4. Have you defined a Preferred Way of Selling®? In a numbers culture, there is very little concern for how sales are made in contrast to service cultures where there is a lot of emphasis on following a prescribed service routine that enhances speed of delivery and minimizes potential problems.

We’ve registered the phrase Preferred Way of Selling® for sales cultures because every great sales organization has studied and codified its own set of best practice behaviors that work for the company and for each selling role, including how to establish its offerings as clearly different.

5. Is your sales training focused on discovering and selling to the customer’s viewpoint? One of the most startling findings we’ve made in our four decades plus of sales training is that most sales advisors talk 70 percent of the time during a sales conversation compared to the ideal of 30 percent. In a numbers sales culture, this is typically the result of sales training that encourages product dumping. In the case of service cultures talking too much is symptomatic of excessive socializing and
reluctance to ask for next step advances.

In a true sales culture, sales training focuses on conversation skills with a lot of disciplined practice around seeking information that can be used to help the customer. Even the language used in sales training in sales cultures is different with the word helping frequently associated with both selling and coaching.

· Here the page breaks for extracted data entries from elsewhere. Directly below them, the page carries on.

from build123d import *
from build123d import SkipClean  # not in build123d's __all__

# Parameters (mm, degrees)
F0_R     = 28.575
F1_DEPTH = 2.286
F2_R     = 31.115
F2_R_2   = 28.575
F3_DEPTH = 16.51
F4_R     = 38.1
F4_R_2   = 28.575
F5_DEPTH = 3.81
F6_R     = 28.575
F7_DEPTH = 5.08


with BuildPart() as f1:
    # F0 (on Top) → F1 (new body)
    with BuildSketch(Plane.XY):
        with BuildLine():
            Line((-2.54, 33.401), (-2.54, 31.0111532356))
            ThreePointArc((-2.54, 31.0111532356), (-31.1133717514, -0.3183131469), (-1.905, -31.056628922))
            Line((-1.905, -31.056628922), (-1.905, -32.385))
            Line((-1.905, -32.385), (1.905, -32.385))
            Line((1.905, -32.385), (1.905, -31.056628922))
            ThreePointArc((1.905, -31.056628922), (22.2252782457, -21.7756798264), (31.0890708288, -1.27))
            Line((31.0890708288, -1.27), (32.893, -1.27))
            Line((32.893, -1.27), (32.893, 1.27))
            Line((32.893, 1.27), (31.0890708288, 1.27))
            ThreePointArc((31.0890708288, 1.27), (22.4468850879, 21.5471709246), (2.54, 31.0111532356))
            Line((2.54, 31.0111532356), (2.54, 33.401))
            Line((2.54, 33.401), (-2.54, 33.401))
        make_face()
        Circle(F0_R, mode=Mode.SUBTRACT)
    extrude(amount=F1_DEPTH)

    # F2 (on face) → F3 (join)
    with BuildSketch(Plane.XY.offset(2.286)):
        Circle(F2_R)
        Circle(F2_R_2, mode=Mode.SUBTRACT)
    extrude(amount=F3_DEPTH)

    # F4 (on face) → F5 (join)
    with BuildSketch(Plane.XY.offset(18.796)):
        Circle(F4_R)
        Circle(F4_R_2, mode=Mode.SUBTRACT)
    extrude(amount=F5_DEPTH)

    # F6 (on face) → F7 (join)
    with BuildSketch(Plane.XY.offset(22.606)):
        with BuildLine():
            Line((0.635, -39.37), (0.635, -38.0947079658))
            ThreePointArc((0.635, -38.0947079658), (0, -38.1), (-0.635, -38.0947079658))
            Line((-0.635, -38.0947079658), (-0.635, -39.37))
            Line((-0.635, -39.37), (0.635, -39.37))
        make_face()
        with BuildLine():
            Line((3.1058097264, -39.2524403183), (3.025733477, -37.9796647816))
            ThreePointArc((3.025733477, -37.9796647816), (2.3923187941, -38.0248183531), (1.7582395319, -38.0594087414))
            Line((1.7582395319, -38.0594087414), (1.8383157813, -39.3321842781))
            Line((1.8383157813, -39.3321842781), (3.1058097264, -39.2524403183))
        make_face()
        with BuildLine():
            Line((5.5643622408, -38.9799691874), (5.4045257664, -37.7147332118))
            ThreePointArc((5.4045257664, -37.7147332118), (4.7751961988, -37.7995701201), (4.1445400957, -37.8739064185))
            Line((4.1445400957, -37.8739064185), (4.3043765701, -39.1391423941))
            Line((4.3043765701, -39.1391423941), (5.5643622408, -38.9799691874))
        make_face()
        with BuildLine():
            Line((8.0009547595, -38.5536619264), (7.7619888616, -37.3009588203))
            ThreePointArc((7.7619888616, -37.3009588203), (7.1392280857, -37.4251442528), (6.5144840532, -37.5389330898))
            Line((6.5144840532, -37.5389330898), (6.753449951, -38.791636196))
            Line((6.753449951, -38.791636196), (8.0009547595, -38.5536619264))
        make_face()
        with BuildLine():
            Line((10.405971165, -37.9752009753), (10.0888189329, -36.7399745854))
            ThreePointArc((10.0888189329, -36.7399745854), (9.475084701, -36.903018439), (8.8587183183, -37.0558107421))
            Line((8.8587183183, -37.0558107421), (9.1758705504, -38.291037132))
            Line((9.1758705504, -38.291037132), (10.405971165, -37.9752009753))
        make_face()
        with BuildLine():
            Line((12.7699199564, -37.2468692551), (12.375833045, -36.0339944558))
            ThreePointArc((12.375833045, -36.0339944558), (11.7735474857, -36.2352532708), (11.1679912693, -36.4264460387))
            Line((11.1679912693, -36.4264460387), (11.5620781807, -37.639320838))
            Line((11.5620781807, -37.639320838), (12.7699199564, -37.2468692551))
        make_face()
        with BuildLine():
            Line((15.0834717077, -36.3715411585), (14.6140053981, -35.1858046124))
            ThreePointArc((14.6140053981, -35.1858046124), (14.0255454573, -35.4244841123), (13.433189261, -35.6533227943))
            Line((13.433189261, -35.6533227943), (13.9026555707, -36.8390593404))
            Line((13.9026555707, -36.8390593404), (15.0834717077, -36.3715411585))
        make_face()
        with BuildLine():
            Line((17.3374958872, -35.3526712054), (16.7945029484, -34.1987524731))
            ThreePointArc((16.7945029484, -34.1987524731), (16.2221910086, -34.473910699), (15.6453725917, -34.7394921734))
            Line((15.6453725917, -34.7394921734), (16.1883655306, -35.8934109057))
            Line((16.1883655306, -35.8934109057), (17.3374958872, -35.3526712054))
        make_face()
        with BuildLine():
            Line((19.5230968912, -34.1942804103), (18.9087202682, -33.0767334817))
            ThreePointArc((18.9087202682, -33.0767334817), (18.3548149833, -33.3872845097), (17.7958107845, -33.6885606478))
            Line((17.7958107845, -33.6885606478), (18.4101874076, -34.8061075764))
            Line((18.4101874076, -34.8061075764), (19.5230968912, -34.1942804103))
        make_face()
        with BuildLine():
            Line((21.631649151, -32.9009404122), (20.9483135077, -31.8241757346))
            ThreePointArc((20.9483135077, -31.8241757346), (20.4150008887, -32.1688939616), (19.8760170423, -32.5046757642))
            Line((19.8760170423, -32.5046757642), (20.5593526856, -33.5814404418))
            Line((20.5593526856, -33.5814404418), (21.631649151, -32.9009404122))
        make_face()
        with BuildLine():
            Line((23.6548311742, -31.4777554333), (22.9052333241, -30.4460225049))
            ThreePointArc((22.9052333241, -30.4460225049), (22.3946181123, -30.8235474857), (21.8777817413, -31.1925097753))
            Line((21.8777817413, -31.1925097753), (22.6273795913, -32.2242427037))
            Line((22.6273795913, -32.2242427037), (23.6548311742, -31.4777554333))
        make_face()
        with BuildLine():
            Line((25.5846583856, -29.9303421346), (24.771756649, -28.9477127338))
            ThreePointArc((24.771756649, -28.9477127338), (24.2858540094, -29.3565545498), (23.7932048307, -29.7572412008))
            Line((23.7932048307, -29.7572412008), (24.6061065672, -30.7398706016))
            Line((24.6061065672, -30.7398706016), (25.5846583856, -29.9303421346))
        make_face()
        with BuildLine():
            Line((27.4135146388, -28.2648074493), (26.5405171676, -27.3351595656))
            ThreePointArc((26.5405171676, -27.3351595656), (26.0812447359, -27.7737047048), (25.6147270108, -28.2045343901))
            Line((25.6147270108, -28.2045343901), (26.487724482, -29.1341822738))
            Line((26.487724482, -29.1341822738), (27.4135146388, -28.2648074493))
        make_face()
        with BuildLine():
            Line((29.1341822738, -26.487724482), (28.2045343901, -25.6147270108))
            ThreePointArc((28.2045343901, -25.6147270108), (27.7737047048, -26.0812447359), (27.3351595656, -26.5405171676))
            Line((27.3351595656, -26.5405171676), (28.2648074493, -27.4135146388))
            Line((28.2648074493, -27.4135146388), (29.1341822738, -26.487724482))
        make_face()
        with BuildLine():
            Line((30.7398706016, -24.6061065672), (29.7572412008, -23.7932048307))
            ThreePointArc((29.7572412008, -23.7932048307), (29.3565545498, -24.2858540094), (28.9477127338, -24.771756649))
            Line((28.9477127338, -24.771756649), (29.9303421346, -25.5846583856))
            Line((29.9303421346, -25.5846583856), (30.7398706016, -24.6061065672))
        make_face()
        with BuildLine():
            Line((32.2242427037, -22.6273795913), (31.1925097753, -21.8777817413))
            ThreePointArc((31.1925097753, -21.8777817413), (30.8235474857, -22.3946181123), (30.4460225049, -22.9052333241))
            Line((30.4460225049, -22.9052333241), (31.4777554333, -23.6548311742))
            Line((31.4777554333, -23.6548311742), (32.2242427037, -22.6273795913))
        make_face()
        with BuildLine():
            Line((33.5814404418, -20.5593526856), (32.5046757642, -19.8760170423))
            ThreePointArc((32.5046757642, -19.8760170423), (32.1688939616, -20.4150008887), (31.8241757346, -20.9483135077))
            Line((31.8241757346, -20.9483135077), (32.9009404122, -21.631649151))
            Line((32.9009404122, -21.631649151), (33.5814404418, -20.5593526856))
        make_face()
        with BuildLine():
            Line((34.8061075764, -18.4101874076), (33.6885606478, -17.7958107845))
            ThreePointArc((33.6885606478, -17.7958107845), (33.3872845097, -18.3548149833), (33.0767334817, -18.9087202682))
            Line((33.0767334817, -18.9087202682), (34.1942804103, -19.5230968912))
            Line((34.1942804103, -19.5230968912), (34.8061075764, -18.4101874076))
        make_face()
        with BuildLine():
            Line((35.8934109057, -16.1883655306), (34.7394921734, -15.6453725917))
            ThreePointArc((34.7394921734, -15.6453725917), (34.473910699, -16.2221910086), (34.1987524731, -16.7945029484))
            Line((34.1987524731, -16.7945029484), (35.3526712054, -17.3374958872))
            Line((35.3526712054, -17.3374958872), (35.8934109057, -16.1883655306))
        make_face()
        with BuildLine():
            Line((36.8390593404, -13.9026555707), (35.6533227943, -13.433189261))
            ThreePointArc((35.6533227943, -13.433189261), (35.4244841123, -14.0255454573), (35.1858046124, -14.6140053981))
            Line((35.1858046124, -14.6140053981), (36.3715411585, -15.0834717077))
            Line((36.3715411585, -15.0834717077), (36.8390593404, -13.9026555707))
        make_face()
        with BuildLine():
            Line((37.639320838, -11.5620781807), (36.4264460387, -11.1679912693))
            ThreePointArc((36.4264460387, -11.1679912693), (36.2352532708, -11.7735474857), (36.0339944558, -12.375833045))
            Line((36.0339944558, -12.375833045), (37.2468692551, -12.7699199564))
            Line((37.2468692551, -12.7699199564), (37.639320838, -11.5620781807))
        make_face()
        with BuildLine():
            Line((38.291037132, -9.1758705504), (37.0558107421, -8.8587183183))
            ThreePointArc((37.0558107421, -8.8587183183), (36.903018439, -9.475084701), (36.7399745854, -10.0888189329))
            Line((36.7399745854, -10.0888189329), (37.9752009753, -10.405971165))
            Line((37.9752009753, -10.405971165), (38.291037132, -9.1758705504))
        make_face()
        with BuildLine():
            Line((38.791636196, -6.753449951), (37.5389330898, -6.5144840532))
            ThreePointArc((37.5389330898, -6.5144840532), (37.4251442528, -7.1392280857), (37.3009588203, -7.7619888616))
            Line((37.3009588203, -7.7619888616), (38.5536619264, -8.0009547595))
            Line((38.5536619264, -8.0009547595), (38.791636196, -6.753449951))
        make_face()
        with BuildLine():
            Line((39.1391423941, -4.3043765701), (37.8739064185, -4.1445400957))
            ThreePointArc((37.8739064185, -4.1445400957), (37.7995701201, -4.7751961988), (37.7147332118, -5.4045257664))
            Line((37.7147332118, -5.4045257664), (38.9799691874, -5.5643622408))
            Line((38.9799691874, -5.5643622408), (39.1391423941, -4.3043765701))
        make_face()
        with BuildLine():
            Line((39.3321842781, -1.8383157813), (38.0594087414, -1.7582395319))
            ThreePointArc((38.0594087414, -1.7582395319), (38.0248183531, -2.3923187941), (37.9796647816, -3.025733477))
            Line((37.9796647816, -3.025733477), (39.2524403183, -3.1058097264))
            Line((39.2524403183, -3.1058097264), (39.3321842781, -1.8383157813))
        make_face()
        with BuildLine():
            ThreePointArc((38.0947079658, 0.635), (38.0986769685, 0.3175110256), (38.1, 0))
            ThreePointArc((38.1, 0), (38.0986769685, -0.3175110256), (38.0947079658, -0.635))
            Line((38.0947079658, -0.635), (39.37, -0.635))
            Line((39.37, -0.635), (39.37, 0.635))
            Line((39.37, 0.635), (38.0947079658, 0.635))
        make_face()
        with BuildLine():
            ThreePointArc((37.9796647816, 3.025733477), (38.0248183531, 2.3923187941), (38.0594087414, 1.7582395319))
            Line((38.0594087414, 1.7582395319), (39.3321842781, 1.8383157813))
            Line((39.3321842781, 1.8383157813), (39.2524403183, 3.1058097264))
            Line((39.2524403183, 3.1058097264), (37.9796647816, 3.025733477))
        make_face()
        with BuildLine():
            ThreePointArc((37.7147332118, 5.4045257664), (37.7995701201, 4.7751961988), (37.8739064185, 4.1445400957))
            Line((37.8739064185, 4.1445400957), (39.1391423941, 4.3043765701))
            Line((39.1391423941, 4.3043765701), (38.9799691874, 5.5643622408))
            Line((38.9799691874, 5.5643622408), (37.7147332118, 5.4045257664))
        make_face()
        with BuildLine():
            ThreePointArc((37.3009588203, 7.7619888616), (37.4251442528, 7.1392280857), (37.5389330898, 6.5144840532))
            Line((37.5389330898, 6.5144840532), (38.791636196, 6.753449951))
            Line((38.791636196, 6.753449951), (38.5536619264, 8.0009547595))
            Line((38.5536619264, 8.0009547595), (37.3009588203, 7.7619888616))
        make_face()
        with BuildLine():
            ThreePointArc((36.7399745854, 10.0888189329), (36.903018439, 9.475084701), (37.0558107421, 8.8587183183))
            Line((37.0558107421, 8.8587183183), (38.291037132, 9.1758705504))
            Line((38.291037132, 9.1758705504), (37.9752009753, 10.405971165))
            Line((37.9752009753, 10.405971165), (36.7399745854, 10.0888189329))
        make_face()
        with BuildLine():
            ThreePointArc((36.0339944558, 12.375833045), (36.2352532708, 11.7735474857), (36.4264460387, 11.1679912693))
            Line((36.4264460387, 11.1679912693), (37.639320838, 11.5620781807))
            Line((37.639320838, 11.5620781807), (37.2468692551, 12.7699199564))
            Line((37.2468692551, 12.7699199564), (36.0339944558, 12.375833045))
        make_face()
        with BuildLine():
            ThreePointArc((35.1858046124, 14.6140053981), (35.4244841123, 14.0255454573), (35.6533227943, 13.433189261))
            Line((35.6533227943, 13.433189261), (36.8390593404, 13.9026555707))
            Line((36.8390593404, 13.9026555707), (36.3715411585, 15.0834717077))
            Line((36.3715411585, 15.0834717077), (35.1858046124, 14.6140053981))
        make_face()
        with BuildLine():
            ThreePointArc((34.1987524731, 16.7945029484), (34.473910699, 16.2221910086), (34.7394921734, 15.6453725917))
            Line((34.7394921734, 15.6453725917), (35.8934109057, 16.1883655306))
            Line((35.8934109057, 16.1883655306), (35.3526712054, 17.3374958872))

6. Is your coaching based on observation and on giving specific behavioral feedback? In our corporate assessments, we see a lot of evidence that coaching is occurring, but it seems to vary greatly by culture. In a numbers culture coaching amounts to “get your numbers up” with almost no “how to’s.” In a service culture coaching is frequently limited to transactional quick coaching around service standards with little strategic direction.

In sales cultures, managers are typically asked to give both behavioral feedback and broader direction on strategy.

7. Is your technology customer-centric? In a numbers culture, CRM and operating platforms typically provide structured sales pitches based on prompts generated by customer profiles often leading to sales by “immaculate conception” with little thinking
by the sales advisor. In a service culture technology is used primarily for improving
transaction efficiency.

In sales cultures technology is designed to assist sales advisors in conversational selling and in prioritizing sales and service contacts.

8. Are people recognized and compensated for doing the right things? In a numbers culture, recognition and compensation is driven entirely by achieving your individual numerical goals. In service cultures, individual accountability is often diluted by team based recognition and compensation formulas. The best sales cultures reward both behavior and goal achievement.

9. Do sales and marketing report to the same person?
In both numbers cultures and service cultures, sales and marketing typically operate from separate silos with only minimal coordination between them. In sales cultures sales and marketing frequently report through a chief revenue officer who can maintain an integrated customer focus across both functions.

10. Are senior executives rewarded for developing their managers? In a numbers culture or a service culture, senior executives tend to be rewarded entirely for achieving their numerical goals whether those goals are for sales production or for customer satisfaction and efficiency.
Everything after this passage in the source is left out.